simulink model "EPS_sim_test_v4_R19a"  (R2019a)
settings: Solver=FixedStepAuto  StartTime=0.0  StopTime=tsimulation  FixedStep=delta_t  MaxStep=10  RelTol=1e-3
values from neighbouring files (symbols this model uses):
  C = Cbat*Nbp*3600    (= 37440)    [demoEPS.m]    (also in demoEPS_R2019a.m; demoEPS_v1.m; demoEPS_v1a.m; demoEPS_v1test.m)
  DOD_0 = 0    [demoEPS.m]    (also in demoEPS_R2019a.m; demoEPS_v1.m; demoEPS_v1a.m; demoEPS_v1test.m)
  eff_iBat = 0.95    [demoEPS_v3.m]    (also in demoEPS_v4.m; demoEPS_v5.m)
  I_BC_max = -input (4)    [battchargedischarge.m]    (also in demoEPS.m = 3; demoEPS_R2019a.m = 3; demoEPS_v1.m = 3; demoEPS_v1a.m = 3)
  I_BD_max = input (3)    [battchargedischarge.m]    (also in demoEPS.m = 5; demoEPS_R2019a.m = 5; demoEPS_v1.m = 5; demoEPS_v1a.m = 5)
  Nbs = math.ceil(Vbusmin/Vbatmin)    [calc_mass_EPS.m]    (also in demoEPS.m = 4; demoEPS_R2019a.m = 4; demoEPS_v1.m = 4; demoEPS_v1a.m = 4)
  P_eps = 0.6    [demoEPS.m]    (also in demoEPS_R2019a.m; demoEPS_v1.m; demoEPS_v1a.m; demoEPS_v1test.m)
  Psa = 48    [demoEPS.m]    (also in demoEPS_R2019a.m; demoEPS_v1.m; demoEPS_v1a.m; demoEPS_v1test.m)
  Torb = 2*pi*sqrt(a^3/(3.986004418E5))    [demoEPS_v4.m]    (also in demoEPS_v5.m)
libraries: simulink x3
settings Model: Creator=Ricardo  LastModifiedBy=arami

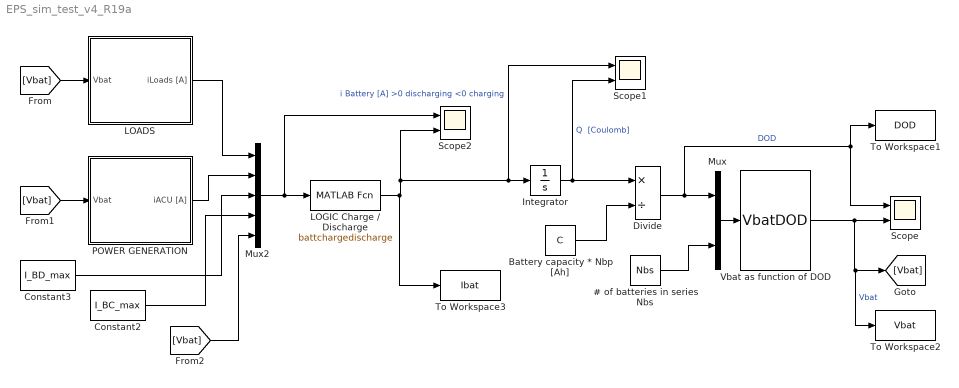
== system EPS_sim_test_v4_R19a ==
  # of batteries in series Nbs : Constant  Value=Nbs
  Battery capacity * Nbp [Ah] : Constant  Value=C
  Constant2 : Constant  Value=I_BC_max
  Constant3 : Constant  Value=I_BD_max
  Divide : Product  Inputs=*/
  Integrator : Integrator  InitialCondition=DOD_0
  LOADS : Subsystem
  LOGIC Charge / Discharge : MATLABFcn  MATLABFcn=battchargedischarge
  Mux : Mux  Inputs=2
  Mux2 : Mux  Inputs=5
  POWER GENERATION : Subsystem
  Scope : Scope  NumInputPorts=2
  Scope1 : Scope  NumInputPorts=2
  Scope2 : Scope  NumInputPorts=2
  To Workspace1 : ToWorkspace  VariableName=DOD  SaveFormat=Timeseries  SampleTime=-1
  To Workspace2 : ToWorkspace  VariableName=Vbat  SaveFormat=Timeseries  SampleTime=-1
  To Workspace3 : ToWorkspace  VariableName=Ibat  SaveFormat=Timeseries  SampleTime=-1
  Vbat as function of DOD : MATLABFcn  MATLABFcn=VbatDOD
  wires:
  Mux/1 -> Vbat as function of DOD/1
  # of batteries in series Nbs/1 -> Mux/2
  Vbat as function of DOD/1 -> To Workspace2/1, [Vbat], Scope/2  "Vbat"
  Divide/1 -> To Workspace1/1, Scope/1, Mux/1  "DOD"
  Integrator/1 -> Scope1/2, Divide/1  "Q  [Coulomb]"
  Battery capacity * Nbp [Ah]/1 -> Divide/2
  [Vbat] -> LOADS/1(Vbat)
  POWER GENERATION/1(iACU [A]) -> Mux2/2
  [Vbat] -> POWER GENERATION/1(Vbat)
  LOADS/1(iLoads [A]) -> Mux2/1
  Mux2/1 -> LOGIC Charge / Discharge/1, Scope2/1
  Constant3/1 -> Mux2/3
  Constant2/1 -> Mux2/4
  LOGIC Charge / Discharge/1 -> To Workspace3/1, Scope1/1, Integrator/1, Scope2/2  "i Battery [A] >0 discharging <0 charging"
  [Vbat] -> Mux2/5

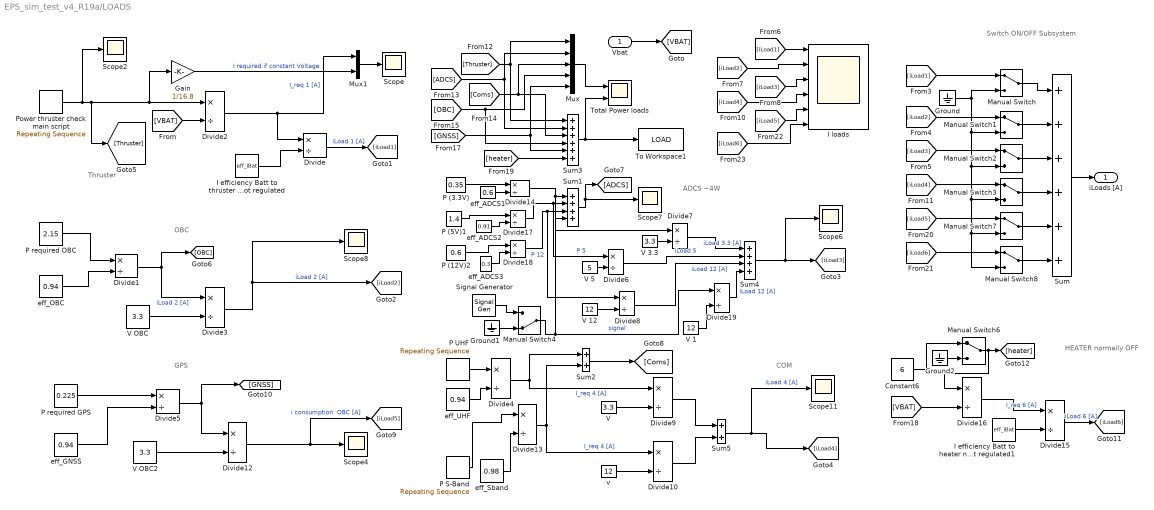
== system EPS_sim_test_v4_R19a/LOADS ==
  note: Switch
      | ON/OFF
      | Subsystem
  note: Thruster
  note: OBC
  note: ADCS ~4W
  note: COM
  note: GPS
  note: HEATER
      | normally
      | OFF
  Vbat : Inport
  Constant6 : Constant  Value=6
  Divide{,1..10,12..19} (19 alike) : Product  Inputs=*/
  Gain : Gain  Gain=1/16.8
  Ground : Ground
  Ground1 : Ground
  Ground2 : Ground
  I efficiency Batt to heater not regulated1 : Constant  Value=eff_iBat
  I efficiency Batt to thruster not regulated : Constant  Value=eff_iBat
  I loads : Scope  NumInputPorts=6
  Manual Switch{,1..3,6..8} (7 alike) : ManualSwitch
  Manual Switch4 : ManualSwitch  CurrentSetting=0
  Mux : Mux  Inputs=5
  Mux1 : Mux  Inputs=2
  P (12V)2 : Constant  Value=0.6
  P (3.3V) : Constant  Value=0.35
  P (5V)1 : Constant  Value=1.4
  P S-Band : simulink/Sources/Repeating Sequence  rep_seq_t=0  rep_seq_y=2.7
  "P UHF " : simulink/Sources/Repeating Sequence  rep_seq_t=0  rep_seq_y=2.7
  P required GPS : Constant  Value=0.225
  P required OBC : Constant  Value=2.15
  Power thruster check main script : simulink/Sources/Repeating Sequence  rep_seq_t=t_thr  rep_seq_y=p_thr
  Scope{,2,4,6..8,11} (7 alike) : Scope
  Signal Generator : SignalGenerator  WaveForm=random  Amplitude=0.6  Frequency=0.01
  Sum : Sum  Inputs=++++++
  Sum1 : Sum  Inputs=++++
  Sum2 : Sum
  Sum3 : Sum  Inputs=++++++
  Sum4 : Sum  Inputs=++++
  Sum5 : Sum
  To Workspace1 : ToWorkspace  VariableName=LOAD  SaveFormat=Timeseries  SampleTime=-1
  Total Power loads : Scope  NumInputPorts=2
  "V " : Constant  Value=3.3
  V 1 : Constant  Value=12
  V 12 : Constant  Value=12
  V 3.3 : Constant  Value=3.3
  V 5 : Constant  Value=5
  V OBC : Constant  Value=3.3
  V OBC2 : Constant  Value=3.3
  "eff_ADCS1 " : Constant  Value=0.6
  eff_ADCS2 : Constant  Value=0.91
  "eff_ADCS3 " : Constant  Value=0.3
  eff_GNSS : Constant  Value=0.94
  eff_OBC : Constant  Value=0.94
  eff_Sband : Constant  Value=0.98
  eff_UHF : Constant  Value=0.94
  v : Constant  Value=12
  iLoads [A] : Outport  VectorParamsAs1DForOutWhenUnconnected=on
  wires:
  Gain/1 -> Mux1/2  "I required if constant Voltage"
  Divide2/1 -> Divide/1, Mux1/1  "I_req 1 [A]"
  V OBC/1 -> Divide3/2
  Vbat/1 -> [VBAT]
  [VBAT] -> Divide2/2
  Sum/1 -> iLoads [A]/1
  Mux1/1 -> Scope/1
  eff_OBC/1 -> Divide1/2
  Power thruster check main script/1 -> Scope2/1, [Thruster], Gain/1, Divide2/1
  I efficiency Batt to thruster not regulated/1 -> Divide/2
  Divide/1 -> [iLoad1]  "iLoad 1 [A]"
  V 3.3/1 -> Divide7/2
  Manual Switch/1 -> Sum/1
  Manual Switch1/1 -> Sum/2
  Manual Switch2/1 -> Sum/3
  [iLoad2] -> I loads/2
  [iLoad1] -> I loads/1
  [iLoad3] -> I loads/3
  Sum1/1 -> Scope7/1, [ADCS]
  P (3.3V)/1 -> Divide14/1
  Signal Generator/1 -> Manual Switch4/1
  Sum5/1 -> Scope11/1, [iLoad4]  "iLoad 4 [A]"
  [iLoad4] -> I loads/4
  Manual Switch3/1 -> Sum/4
  "P UHF "/1 -> Divide4/1
  [iLoad4] -> Manual Switch3/1
  [iLoad3] -> Manual Switch2/1
  [iLoad2] -> Manual Switch1/1
  [iLoad1] -> Manual Switch/1
  Ground/1 -> Manual Switch/2, Manual Switch8/2, Manual Switch7/2, Manual Switch3/2, Manual Switch2/2, Manual Switch1/2
  Ground1/1 -> Manual Switch4/2
  Mux/1 -> Total Power loads/1
  [Thruster] -> Sum3/1, Mux/1
  [ADCS] -> Sum3/2, Mux/2
  [Coms] -> Sum3/3, Mux/3
  [OBC] -> Sum3/4, Mux/4
  [heater] -> Sum3/6
  Sum3/1 -> Total Power loads/2, To Workspace1/1
  Divide12/1 -> [iLoad5], Scope4/1  "i consumption  OBC [A]"
  V OBC2/1 -> Divide12/2
  eff_GNSS/1 -> Divide5/2
  [GNSS] -> Sum3/5, Mux/5
  I efficiency Batt to heater not regulated1/1 -> Divide15/2
  Divide15/1 -> [iLoad6]  "iLoad 6 [A]"
  Constant6/1 -> Manual Switch6/1
  Divide16/1 -> Divide15/1  "I_req 6 [A]"
  [VBAT] -> Divide16/2
  Manual Switch6/1 -> Divide16/1, [heater]
  Ground2/1 -> Manual Switch6/2
  Manual Switch7/1 -> Sum/5
  Manual Switch8/1 -> Sum/6
  [iLoad6] -> Manual Switch8/1
  [iLoad5] -> Manual Switch7/1
  [iLoad5] -> I loads/5
  [iLoad6] -> I loads/6
  P (5V)1/1 -> Divide17/1
  P (12V)2/1 -> Divide18/1
  "eff_ADCS1 "/1 -> Divide14/2
  "eff_ADCS3 "/1 -> Divide18/2
  eff_ADCS2/1 -> Divide17/2
  Divide14/1 -> Divide7/1, Sum1/1
  Divide17/1 -> Divide6/1, Sum1/2  "P 5"
  Divide18/1 -> Divide8/1, Sum1/3  "P 12"
  Manual Switch4/1 -> Divide19/1, Sum1/4  "signal"
  V 5/1 -> Divide6/2
  V 12/1 -> Divide8/2
  Divide7/1 -> Sum4/1  "iLoad 3.3 [A]"
  Divide6/1 -> Sum4/2  "iLoad 5"
  Divide8/1 -> Sum4/3  "iLoad 12 [A]"
  Sum4/1 -> [iLoad3], Scope6/1
  V 1/1 -> Divide19/2
  Divide19/1 -> Sum4/4  "iLoad 12 [A]"
  P required OBC/1 -> Divide1/1
  Divide1/1 -> [OBC], Divide3/1  "iLoad 2 [A]"
  Divide3/1 -> Scope8/1, [iLoad2]  "iLoad 2 [A]"
  P required GPS/1 -> Divide5/1
  Divide5/1 -> [GNSS], Divide12/1
  P S-Band/1 -> Divide13/1
  eff_Sband/1 -> Divide13/2
  Divide4/1 -> Divide9/1, Sum2/1  "I_req 4 [A]"
  Divide13/1 -> Sum2/2, Divide10/1  "I_req 4 [A]"
  Sum2/1 -> [Coms]
  eff_UHF/1 -> Divide4/2
  "V "/1 -> Divide9/2
  v/1 -> Divide10/2
  Divide10/1 -> Sum5/2
  Divide9/1 -> Sum5/1

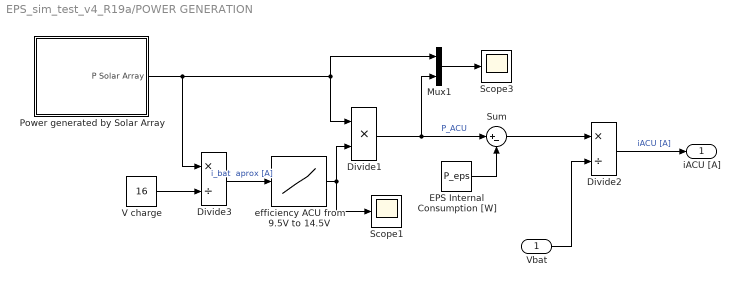
== system EPS_sim_test_v4_R19a/POWER GENERATION ==
  Vbat : Inport
  Divide1 : Product  Inputs=**
  Divide2 : Product  Inputs=*/
  Divide3 : Product  Inputs=*/
  EPS Internal Consumption [W] : Constant  Value=P_eps
  Mux1 : Mux  Inputs=2
  Power generated by Solar Array : Subsystem
  Scope1 : Scope
  Scope3 : Scope
  Sum : Sum  Inputs=|+-
  V charge : Constant  Value=16
  efficiency ACU from 9.5V to 14.5V : Lookup_n-D  NumberOfTableDimensions=1  BreakpointsForDimension1=[0,0.13,0.16,0.236,0.4187,0.654,0.684,0.745,0.801,0.9372,1.046,1.16,1.21,1.5,1.66,2,4]  Table=[0.905,0.928,0.9296,0.9296,0.9337,0.9296,0.9296,0.9296,0.9275,0.9275,0.9254,0.9254,0.9234,0.9193,0.9193,0.9134,0.9134]  InternalRulePriority=Speed  RndMeth=Simplest  InputSameDT=on
  iACU [A] : Outport  VectorParamsAs1DForOutWhenUnconnected=on
  wires:
  Divide2/1 -> iACU [A]/1  "iACU [A]"
  Mux1/1 -> Scope3/1
  Vbat/1 -> Divide2/2
  efficiency ACU from 9.5V to 14.5V/1 -> Scope1/1, Divide1/2
  Divide1/1 -> Sum/1, Mux1/2  "P_ACU"
  Sum/1 -> Divide2/1
  EPS Internal Consumption [W]/1 -> Sum/2
  Divide3/1 -> efficiency ACU from 9.5V to 14.5V/1  "i_bat  aprox [A]"
  V charge/1 -> Divide3/2
  Power generated by Solar Array/1(P Solar Array) -> Divide3/1, Divide1/1, Mux1/1

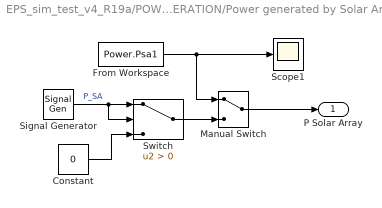
== system EPS_sim_test_v4_R19a/POWER GENERATION/Power generated by Solar Array ==
  Constant : Constant  Value=0
  From Workspace : FromWorkspace  VariableName=Power.Psa1  SampleTime=0
  Manual Switch : ManualSwitch
  Scope1 : Scope
  Signal Generator : SignalGenerator  Amplitude=-Psa  Frequency=1/Torb
  Switch : Switch  Criteria=u2 > Threshold
  P Solar Array : Outport  VectorParamsAs1DForOutWhenUnconnected=on
  wires:
  From Workspace/1 -> Manual Switch/1, Scope1/1
  Constant/1 -> Switch/3
  Signal Generator/1 -> Switch/2, Switch/1  "P_SA"
  Manual Switch/1 -> P Solar Array/1
  Switch/1 -> Manual Switch/2

------------------------

**WHAT IS EXPECTED**
Return the lines exactly as they stand, please. Start at the top of the material and finish with the line where "I_BC_max = -input" appears.

**OUTPUT OF THE TASK**
simulink model "EPS_sim_test_v4_R19a"  (R2019a)
settings: Solver=FixedStepAuto  StartTime=0.0  StopTime=tsimulation  FixedStep=delta_t  MaxStep=10  RelTol=1e-3
values from neighbouring files (symbols this model uses):
  C = Cbat*Nbp*3600    (= 37440)    [demoEPS.m]    (also in demoEPS_R2019a.m; demoEPS_v1.m; demoEPS_v1a.m; demoEPS_v1test.m)
  DOD_0 = 0    [demoEPS.m]    (also in demoEPS_R2019a.m; demoEPS_v1.m; demoEPS_v1a.m; demoEPS_v1test.m)
  eff_iBat = 0.95    [demoEPS_v3.m]    (also in demoEPS_v4.m; demoEPS_v5.m)
  I_BC_max = -input (4)    [battchargedischarge.m]    (also in demoEPS.m = 3; demoEPS_R2019a.m = 3; demoEPS_v1.m = 3; demoEPS_v1a.m = 3)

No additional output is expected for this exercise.